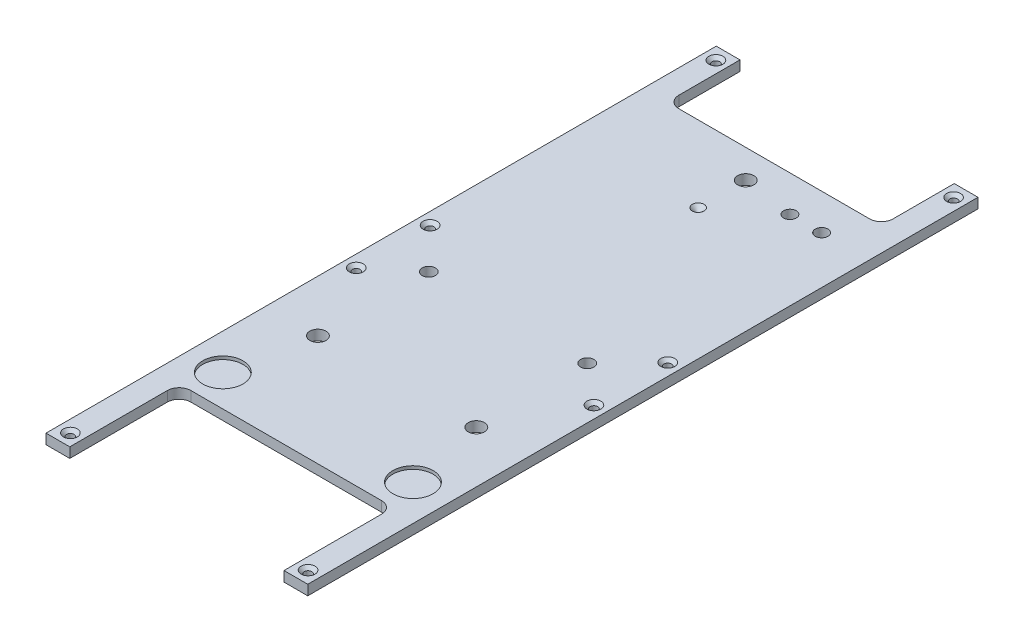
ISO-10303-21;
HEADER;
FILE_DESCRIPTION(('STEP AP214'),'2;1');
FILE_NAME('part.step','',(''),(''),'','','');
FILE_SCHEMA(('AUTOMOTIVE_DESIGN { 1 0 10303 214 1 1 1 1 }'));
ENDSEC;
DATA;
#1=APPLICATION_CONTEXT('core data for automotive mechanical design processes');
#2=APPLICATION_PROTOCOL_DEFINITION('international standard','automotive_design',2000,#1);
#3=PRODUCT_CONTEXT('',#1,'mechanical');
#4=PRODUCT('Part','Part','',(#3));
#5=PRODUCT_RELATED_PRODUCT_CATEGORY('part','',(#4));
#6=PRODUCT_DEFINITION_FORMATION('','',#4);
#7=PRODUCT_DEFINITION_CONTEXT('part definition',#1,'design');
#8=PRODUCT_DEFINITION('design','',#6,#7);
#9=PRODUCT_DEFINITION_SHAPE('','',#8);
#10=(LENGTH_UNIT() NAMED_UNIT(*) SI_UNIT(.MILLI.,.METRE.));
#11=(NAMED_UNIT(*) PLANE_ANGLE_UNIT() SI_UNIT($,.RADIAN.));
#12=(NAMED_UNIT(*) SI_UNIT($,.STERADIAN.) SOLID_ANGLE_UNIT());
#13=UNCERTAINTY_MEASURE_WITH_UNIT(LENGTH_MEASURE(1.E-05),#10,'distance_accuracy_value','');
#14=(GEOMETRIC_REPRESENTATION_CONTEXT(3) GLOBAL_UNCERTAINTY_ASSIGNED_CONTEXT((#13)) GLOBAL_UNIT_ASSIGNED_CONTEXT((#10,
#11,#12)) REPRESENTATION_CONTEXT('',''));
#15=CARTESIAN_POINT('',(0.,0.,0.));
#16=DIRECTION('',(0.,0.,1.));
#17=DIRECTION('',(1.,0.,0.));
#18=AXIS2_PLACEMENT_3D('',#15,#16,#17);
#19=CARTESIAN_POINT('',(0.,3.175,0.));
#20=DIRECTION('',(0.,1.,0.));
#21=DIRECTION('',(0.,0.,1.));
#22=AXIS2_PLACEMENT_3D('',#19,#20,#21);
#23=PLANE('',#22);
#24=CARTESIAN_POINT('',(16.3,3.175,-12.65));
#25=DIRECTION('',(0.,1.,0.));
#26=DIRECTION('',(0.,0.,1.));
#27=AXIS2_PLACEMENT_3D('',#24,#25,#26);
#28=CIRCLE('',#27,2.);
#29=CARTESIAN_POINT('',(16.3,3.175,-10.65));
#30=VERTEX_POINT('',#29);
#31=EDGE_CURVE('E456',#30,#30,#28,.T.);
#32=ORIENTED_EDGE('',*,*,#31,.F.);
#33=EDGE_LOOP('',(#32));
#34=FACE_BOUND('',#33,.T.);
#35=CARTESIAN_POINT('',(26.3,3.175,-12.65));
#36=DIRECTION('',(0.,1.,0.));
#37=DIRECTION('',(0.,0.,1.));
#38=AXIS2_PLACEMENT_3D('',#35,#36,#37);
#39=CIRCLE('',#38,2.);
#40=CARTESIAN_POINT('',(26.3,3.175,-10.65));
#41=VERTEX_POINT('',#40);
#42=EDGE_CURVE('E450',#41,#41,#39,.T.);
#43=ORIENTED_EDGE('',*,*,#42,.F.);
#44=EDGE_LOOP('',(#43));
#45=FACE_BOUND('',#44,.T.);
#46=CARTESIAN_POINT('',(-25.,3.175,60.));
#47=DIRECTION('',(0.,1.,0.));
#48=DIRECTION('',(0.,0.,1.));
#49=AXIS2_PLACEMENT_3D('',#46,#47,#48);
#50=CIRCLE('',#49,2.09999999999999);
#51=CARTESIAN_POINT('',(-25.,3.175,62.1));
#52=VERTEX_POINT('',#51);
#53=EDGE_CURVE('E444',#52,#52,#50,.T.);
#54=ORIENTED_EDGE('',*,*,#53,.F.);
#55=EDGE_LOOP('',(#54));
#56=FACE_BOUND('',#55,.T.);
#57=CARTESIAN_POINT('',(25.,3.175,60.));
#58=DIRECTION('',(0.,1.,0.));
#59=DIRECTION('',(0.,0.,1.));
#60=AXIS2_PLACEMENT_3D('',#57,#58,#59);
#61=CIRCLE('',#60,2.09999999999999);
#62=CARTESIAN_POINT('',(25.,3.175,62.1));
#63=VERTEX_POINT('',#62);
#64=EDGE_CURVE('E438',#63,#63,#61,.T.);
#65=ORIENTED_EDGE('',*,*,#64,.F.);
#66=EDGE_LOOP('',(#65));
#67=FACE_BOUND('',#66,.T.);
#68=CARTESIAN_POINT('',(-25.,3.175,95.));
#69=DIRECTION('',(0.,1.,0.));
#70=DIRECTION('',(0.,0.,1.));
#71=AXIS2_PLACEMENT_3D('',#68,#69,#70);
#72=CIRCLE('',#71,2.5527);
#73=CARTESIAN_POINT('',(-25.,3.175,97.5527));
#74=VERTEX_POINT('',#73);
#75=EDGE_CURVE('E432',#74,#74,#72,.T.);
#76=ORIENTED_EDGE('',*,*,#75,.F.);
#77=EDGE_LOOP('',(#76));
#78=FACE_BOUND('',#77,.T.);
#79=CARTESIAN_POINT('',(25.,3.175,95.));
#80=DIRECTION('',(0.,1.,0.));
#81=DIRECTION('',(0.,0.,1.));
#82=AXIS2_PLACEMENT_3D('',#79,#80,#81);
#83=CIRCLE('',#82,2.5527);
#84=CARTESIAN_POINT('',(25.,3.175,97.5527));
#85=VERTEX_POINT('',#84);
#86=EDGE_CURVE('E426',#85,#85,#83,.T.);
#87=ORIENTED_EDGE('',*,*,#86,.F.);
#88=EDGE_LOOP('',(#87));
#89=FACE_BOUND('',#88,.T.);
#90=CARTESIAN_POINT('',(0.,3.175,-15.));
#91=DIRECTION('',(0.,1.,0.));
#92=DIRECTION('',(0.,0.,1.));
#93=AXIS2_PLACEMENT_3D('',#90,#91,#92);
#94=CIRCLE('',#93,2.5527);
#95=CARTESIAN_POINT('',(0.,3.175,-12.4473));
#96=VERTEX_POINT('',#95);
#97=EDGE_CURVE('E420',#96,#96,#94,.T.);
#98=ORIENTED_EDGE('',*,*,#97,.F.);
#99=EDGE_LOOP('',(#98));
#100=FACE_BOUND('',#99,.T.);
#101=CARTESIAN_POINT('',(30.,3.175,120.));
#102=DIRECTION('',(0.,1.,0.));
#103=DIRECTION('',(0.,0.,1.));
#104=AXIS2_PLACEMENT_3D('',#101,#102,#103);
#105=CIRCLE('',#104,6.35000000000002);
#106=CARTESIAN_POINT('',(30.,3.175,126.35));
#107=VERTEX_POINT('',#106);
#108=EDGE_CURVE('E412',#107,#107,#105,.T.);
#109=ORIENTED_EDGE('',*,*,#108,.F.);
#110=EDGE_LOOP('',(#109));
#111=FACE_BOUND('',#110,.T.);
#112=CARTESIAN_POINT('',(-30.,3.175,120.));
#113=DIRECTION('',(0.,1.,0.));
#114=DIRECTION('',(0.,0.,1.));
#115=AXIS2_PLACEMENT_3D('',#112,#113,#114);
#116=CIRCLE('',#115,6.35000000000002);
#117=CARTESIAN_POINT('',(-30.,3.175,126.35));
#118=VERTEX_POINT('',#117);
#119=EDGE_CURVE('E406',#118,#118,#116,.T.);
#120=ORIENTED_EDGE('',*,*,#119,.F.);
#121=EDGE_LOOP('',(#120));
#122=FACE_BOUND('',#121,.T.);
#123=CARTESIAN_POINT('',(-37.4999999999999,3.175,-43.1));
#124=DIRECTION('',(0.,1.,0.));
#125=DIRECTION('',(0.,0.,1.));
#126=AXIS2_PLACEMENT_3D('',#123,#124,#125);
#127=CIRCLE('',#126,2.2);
+===+
# TASK TO COMPLETE
Using only the listing above, restate exactly the lines from the line containing "#97=EDGE_CURVE('E420',#96,#96,#94,.T.);" through the line containing "#115=AXIS2_PLACEMENT_3D('',#112,#113,#114);", both included.

# ANSWER BOX
#97=EDGE_CURVE('E420',#96,#96,#94,.T.);
#98=ORIENTED_EDGE('',*,*,#97,.F.);
#99=EDGE_LOOP('',(#98));
#100=FACE_BOUND('',#99,.T.);
#101=CARTESIAN_POINT('',(30.,3.175,120.));
#102=DIRECTION('',(0.,1.,0.));
#103=DIRECTION('',(0.,0.,1.));
#104=AXIS2_PLACEMENT_3D('',#101,#102,#103);
#105=CIRCLE('',#104,6.35000000000002);
#106=CARTESIAN_POINT('',(30.,3.175,126.35));
#107=VERTEX_POINT('',#106);
#108=EDGE_CURVE('E412',#107,#107,#105,.T.);
#109=ORIENTED_EDGE('',*,*,#108,.F.);
#110=EDGE_LOOP('',(#109));
#111=FACE_BOUND('',#110,.T.);
#112=CARTESIAN_POINT('',(-30.,3.175,120.));
#113=DIRECTION('',(0.,1.,0.));
#114=DIRECTION('',(0.,0.,1.));
#115=AXIS2_PLACEMENT_3D('',#112,#113,#114);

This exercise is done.